:: INPUT ::

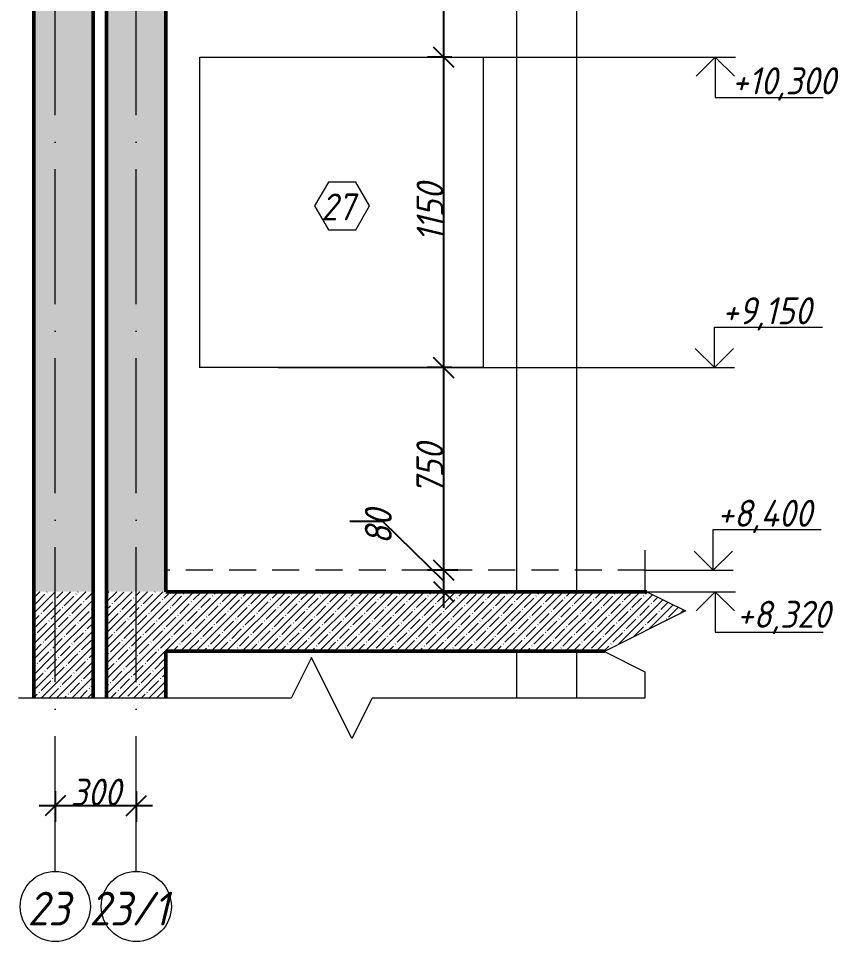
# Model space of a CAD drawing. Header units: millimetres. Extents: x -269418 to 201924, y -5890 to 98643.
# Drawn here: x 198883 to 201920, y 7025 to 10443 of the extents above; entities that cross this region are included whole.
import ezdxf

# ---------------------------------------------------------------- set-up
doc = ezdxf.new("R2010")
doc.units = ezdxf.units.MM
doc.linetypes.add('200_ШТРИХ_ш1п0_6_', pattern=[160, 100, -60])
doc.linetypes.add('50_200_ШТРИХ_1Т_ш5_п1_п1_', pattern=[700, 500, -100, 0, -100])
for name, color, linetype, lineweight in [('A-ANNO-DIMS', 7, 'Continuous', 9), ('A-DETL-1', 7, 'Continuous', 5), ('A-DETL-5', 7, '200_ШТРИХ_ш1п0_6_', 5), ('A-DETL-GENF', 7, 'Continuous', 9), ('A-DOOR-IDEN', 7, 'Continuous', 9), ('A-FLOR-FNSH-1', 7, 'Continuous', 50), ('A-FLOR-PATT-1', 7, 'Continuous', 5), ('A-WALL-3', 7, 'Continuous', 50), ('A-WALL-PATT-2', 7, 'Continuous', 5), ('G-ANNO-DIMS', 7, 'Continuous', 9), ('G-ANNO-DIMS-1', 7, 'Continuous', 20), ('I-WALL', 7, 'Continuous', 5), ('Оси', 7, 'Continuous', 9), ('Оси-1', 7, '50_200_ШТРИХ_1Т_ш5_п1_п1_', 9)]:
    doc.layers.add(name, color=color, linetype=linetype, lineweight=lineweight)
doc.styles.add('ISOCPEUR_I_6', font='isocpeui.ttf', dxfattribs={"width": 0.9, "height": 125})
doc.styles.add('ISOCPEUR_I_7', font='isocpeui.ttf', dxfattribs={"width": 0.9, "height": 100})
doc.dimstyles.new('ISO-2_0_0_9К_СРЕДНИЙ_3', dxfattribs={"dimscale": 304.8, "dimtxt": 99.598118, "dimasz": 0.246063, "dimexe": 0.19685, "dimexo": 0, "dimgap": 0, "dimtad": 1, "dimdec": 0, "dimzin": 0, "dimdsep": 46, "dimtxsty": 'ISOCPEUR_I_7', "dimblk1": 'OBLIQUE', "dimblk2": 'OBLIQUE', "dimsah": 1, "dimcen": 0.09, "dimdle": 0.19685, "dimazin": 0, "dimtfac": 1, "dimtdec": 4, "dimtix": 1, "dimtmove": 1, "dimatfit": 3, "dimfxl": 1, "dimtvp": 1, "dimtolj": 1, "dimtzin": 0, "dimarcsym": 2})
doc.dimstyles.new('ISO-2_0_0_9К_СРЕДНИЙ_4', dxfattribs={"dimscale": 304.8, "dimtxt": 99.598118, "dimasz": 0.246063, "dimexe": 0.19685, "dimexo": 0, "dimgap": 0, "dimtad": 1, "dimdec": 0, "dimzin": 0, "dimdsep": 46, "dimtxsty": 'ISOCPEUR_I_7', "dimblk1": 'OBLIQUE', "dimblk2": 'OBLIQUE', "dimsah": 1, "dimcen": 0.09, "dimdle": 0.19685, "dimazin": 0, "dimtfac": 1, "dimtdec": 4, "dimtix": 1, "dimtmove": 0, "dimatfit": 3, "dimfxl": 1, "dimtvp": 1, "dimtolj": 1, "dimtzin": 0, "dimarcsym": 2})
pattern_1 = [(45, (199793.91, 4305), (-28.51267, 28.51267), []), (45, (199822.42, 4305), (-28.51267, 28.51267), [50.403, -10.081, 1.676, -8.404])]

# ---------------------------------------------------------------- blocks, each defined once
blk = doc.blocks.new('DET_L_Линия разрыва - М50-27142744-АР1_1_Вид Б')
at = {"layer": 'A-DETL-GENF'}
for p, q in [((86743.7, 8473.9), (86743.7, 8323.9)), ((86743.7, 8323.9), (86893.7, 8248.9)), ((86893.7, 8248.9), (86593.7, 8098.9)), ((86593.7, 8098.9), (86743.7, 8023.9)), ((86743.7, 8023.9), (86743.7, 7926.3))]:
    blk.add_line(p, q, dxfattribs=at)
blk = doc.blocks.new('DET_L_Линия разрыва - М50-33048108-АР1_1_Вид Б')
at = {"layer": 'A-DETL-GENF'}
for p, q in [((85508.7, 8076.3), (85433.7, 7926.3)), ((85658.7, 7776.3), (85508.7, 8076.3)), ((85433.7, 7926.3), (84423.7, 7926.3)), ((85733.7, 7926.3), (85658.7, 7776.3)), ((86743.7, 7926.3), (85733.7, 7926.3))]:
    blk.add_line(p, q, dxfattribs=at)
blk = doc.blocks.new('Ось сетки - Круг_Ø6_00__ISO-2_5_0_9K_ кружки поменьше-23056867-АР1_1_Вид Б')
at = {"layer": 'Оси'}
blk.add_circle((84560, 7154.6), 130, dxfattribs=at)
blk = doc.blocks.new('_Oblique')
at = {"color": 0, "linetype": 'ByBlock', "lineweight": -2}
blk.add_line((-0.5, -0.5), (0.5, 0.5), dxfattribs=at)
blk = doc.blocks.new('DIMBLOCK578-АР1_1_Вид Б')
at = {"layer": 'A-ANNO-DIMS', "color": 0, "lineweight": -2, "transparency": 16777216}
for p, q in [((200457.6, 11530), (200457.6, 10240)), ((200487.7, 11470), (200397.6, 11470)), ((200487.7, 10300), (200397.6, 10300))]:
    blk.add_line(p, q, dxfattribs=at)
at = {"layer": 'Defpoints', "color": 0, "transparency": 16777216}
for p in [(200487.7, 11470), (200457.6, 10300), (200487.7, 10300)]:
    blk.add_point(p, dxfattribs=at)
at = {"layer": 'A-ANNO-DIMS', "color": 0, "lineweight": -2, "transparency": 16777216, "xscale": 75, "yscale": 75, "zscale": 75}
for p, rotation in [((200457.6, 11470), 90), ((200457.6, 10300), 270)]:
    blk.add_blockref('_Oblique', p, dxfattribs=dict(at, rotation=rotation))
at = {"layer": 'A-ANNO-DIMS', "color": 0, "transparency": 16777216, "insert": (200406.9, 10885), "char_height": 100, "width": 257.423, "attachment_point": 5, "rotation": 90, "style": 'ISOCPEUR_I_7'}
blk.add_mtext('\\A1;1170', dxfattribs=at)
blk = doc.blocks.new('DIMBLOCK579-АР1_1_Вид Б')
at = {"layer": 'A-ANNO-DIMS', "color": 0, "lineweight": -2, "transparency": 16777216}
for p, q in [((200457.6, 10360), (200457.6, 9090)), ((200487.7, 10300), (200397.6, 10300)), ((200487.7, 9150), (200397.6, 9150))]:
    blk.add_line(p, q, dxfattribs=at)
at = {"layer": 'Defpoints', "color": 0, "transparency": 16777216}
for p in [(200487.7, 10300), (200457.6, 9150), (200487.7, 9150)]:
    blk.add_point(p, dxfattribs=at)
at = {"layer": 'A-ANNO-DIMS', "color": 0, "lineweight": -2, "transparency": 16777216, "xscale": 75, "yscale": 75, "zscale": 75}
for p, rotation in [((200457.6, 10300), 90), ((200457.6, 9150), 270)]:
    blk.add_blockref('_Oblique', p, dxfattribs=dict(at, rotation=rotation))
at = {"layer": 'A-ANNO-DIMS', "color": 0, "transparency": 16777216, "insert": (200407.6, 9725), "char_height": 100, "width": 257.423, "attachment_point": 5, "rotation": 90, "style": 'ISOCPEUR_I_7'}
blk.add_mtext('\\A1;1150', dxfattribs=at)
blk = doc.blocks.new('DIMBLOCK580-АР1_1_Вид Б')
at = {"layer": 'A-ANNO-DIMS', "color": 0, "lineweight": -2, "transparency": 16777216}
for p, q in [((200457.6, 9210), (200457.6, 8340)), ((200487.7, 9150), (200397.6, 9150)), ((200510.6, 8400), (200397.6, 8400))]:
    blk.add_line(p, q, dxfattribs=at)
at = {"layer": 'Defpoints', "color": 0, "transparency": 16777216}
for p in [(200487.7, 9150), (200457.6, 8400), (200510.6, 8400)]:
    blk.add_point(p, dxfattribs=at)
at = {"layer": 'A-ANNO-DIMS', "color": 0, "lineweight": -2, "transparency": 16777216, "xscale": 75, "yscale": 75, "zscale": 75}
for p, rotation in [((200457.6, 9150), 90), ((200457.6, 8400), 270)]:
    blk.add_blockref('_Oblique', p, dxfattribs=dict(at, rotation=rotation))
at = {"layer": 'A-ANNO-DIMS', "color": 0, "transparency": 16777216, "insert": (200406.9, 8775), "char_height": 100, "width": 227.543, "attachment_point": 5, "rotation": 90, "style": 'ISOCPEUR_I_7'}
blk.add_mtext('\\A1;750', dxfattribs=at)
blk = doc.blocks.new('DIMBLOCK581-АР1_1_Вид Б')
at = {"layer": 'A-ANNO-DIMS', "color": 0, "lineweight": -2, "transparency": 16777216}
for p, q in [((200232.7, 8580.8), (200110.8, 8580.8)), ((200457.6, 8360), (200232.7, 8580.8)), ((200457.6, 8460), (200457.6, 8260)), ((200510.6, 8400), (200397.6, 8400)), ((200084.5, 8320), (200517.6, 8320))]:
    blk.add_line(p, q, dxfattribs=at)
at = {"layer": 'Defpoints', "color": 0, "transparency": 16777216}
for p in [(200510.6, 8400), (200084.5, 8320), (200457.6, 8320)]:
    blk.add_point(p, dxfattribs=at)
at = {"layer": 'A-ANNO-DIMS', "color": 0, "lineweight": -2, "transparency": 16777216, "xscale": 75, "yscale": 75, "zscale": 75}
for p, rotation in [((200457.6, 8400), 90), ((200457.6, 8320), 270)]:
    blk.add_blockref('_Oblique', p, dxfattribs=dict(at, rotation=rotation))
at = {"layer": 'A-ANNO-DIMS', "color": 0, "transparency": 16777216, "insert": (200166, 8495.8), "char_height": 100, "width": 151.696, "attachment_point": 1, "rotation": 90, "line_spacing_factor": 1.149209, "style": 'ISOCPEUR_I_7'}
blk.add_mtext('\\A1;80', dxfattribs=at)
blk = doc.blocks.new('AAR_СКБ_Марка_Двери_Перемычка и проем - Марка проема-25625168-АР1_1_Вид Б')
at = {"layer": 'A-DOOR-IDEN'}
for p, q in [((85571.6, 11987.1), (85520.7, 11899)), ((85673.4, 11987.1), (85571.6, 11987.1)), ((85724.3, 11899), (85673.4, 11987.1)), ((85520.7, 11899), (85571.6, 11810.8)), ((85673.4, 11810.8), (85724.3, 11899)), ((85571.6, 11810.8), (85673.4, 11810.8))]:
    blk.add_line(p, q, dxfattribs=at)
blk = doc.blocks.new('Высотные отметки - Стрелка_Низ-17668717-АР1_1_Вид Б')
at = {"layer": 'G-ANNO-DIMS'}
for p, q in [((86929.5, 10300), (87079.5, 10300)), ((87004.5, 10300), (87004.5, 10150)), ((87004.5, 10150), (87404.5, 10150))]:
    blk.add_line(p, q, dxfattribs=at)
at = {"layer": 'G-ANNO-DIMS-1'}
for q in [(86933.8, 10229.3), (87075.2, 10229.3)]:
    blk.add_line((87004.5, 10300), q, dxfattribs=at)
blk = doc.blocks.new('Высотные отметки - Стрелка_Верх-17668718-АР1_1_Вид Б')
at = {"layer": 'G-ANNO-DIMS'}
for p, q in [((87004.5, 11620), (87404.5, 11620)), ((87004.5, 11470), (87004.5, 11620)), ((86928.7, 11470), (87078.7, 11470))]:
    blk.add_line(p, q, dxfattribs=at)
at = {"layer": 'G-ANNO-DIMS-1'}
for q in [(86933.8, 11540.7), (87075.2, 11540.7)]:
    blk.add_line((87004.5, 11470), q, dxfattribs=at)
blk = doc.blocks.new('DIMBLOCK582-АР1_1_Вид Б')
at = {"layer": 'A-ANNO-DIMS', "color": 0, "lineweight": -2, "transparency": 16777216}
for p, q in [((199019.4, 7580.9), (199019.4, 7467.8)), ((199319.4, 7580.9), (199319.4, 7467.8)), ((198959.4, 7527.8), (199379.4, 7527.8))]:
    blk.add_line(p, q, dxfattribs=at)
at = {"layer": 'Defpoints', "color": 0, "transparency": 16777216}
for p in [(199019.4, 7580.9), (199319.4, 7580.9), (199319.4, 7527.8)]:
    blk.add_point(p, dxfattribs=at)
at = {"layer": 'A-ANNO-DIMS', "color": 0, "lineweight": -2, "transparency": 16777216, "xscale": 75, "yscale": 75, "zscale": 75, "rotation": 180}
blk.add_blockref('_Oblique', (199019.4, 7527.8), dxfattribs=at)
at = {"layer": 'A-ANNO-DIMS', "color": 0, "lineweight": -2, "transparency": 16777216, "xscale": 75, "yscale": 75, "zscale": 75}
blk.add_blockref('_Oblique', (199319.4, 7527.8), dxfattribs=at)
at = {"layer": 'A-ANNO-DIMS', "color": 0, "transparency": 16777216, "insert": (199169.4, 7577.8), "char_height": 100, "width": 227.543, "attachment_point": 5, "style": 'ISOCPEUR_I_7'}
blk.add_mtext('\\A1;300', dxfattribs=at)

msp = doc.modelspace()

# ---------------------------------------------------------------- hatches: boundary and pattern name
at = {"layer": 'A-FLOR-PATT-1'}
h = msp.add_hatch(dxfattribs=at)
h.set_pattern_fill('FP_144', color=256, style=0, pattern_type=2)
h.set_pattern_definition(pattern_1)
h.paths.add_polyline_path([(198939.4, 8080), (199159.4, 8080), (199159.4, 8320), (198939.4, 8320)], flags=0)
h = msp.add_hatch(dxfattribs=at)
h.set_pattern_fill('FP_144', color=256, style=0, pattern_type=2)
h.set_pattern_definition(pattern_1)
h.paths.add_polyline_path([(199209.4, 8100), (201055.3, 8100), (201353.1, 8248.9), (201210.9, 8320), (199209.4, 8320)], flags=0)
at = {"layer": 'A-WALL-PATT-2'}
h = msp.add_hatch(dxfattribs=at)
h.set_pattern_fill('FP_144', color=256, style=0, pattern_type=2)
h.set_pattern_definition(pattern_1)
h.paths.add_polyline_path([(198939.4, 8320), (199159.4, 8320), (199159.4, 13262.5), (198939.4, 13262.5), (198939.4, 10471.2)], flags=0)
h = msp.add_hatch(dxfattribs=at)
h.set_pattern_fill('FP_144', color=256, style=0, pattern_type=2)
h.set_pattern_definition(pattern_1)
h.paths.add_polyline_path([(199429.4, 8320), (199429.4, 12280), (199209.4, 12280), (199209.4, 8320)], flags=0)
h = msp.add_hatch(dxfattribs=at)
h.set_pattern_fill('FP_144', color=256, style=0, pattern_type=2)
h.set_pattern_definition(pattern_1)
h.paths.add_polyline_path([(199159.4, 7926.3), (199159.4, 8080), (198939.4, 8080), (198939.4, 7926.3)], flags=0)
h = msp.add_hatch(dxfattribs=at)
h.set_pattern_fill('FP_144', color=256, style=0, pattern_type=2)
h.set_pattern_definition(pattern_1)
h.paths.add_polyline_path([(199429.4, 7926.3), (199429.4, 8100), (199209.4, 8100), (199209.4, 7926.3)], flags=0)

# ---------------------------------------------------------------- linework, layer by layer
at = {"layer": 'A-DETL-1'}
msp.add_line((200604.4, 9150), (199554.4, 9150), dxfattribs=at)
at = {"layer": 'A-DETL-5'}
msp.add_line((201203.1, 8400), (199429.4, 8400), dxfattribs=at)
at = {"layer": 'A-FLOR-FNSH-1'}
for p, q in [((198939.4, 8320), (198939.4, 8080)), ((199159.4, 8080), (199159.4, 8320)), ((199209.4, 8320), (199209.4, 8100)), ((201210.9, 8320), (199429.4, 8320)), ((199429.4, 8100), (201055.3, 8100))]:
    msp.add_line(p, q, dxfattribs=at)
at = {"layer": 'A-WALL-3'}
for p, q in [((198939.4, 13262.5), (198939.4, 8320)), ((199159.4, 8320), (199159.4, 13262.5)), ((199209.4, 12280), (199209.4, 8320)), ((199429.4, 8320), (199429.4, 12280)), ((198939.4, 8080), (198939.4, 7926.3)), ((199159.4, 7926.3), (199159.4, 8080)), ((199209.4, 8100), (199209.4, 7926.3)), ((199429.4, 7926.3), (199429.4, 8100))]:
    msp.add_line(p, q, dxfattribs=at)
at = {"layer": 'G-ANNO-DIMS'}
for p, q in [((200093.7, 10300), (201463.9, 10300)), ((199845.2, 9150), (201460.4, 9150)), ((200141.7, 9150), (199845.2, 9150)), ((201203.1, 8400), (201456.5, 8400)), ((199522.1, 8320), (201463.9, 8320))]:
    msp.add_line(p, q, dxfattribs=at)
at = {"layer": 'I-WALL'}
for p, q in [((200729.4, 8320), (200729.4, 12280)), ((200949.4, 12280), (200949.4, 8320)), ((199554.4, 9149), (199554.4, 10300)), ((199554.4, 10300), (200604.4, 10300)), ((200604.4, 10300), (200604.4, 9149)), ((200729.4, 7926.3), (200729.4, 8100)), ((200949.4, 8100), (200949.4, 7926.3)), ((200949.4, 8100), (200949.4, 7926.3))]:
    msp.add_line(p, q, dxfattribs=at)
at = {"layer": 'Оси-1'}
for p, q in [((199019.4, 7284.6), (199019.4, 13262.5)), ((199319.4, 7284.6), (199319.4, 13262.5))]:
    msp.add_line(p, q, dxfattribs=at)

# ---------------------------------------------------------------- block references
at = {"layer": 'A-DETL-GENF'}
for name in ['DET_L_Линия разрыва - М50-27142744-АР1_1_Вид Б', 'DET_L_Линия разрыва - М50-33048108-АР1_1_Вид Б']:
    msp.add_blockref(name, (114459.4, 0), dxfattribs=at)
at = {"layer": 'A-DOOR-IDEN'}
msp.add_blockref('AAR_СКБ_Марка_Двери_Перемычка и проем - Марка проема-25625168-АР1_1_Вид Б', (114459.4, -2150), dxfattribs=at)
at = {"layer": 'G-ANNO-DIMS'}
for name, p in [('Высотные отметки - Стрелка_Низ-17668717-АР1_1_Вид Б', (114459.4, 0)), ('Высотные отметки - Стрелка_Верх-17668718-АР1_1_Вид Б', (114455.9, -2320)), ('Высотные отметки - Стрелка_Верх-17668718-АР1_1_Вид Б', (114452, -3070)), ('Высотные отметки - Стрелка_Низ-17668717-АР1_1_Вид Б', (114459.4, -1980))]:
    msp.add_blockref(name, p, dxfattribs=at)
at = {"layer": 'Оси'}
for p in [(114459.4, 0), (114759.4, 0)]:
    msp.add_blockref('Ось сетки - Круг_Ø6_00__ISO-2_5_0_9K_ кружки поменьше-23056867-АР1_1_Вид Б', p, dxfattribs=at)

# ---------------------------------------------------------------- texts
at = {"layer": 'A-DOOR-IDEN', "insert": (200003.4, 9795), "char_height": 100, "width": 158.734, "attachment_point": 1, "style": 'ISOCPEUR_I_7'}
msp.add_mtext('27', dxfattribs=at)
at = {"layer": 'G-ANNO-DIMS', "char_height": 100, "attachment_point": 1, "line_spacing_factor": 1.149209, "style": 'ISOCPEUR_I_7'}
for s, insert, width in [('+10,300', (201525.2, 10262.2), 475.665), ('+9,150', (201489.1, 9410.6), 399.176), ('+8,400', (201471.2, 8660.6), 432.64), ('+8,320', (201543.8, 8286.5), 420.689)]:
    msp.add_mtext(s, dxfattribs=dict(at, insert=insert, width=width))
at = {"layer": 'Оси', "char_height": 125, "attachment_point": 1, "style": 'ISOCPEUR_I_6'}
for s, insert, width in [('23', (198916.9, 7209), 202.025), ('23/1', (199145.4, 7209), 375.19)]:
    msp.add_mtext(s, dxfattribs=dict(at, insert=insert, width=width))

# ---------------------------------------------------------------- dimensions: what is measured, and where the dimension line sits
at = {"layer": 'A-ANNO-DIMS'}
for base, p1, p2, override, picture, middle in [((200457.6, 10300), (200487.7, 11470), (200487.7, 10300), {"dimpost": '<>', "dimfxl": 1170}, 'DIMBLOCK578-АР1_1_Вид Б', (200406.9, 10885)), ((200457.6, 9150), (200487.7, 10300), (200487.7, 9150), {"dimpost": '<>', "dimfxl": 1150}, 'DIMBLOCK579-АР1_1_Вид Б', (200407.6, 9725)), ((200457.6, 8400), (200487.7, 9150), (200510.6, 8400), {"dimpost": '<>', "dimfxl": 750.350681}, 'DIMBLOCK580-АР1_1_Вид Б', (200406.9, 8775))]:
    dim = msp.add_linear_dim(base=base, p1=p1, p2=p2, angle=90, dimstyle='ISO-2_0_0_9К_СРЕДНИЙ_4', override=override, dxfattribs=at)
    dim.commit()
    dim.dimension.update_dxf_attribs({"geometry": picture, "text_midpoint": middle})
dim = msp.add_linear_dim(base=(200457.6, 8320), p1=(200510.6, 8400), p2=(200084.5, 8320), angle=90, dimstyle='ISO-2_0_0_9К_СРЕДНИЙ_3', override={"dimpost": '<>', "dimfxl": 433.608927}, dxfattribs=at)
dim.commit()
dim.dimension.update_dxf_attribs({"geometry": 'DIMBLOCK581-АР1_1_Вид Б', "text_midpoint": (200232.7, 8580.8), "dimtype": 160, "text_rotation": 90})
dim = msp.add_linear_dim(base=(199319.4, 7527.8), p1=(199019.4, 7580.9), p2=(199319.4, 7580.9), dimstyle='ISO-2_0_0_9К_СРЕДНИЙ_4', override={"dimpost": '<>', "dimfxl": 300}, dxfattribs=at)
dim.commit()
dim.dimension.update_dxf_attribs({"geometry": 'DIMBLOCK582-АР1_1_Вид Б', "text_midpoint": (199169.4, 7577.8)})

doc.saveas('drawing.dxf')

:: WHAT IS BEING ASKED ::
Your reply should consist solely of the lines above, from the opening line through the line with "import ezdxf", reproduced exactly and without pictures.

:: SOLVED EXERCISE ::
# Model space of a CAD drawing. Header units: millimetres. Extents: x -269418 to 201924, y -5890 to 98643.
# Drawn here: x 198883 to 201920, y 7025 to 10443 of the extents above; entities that cross this region are included whole.
import ezdxf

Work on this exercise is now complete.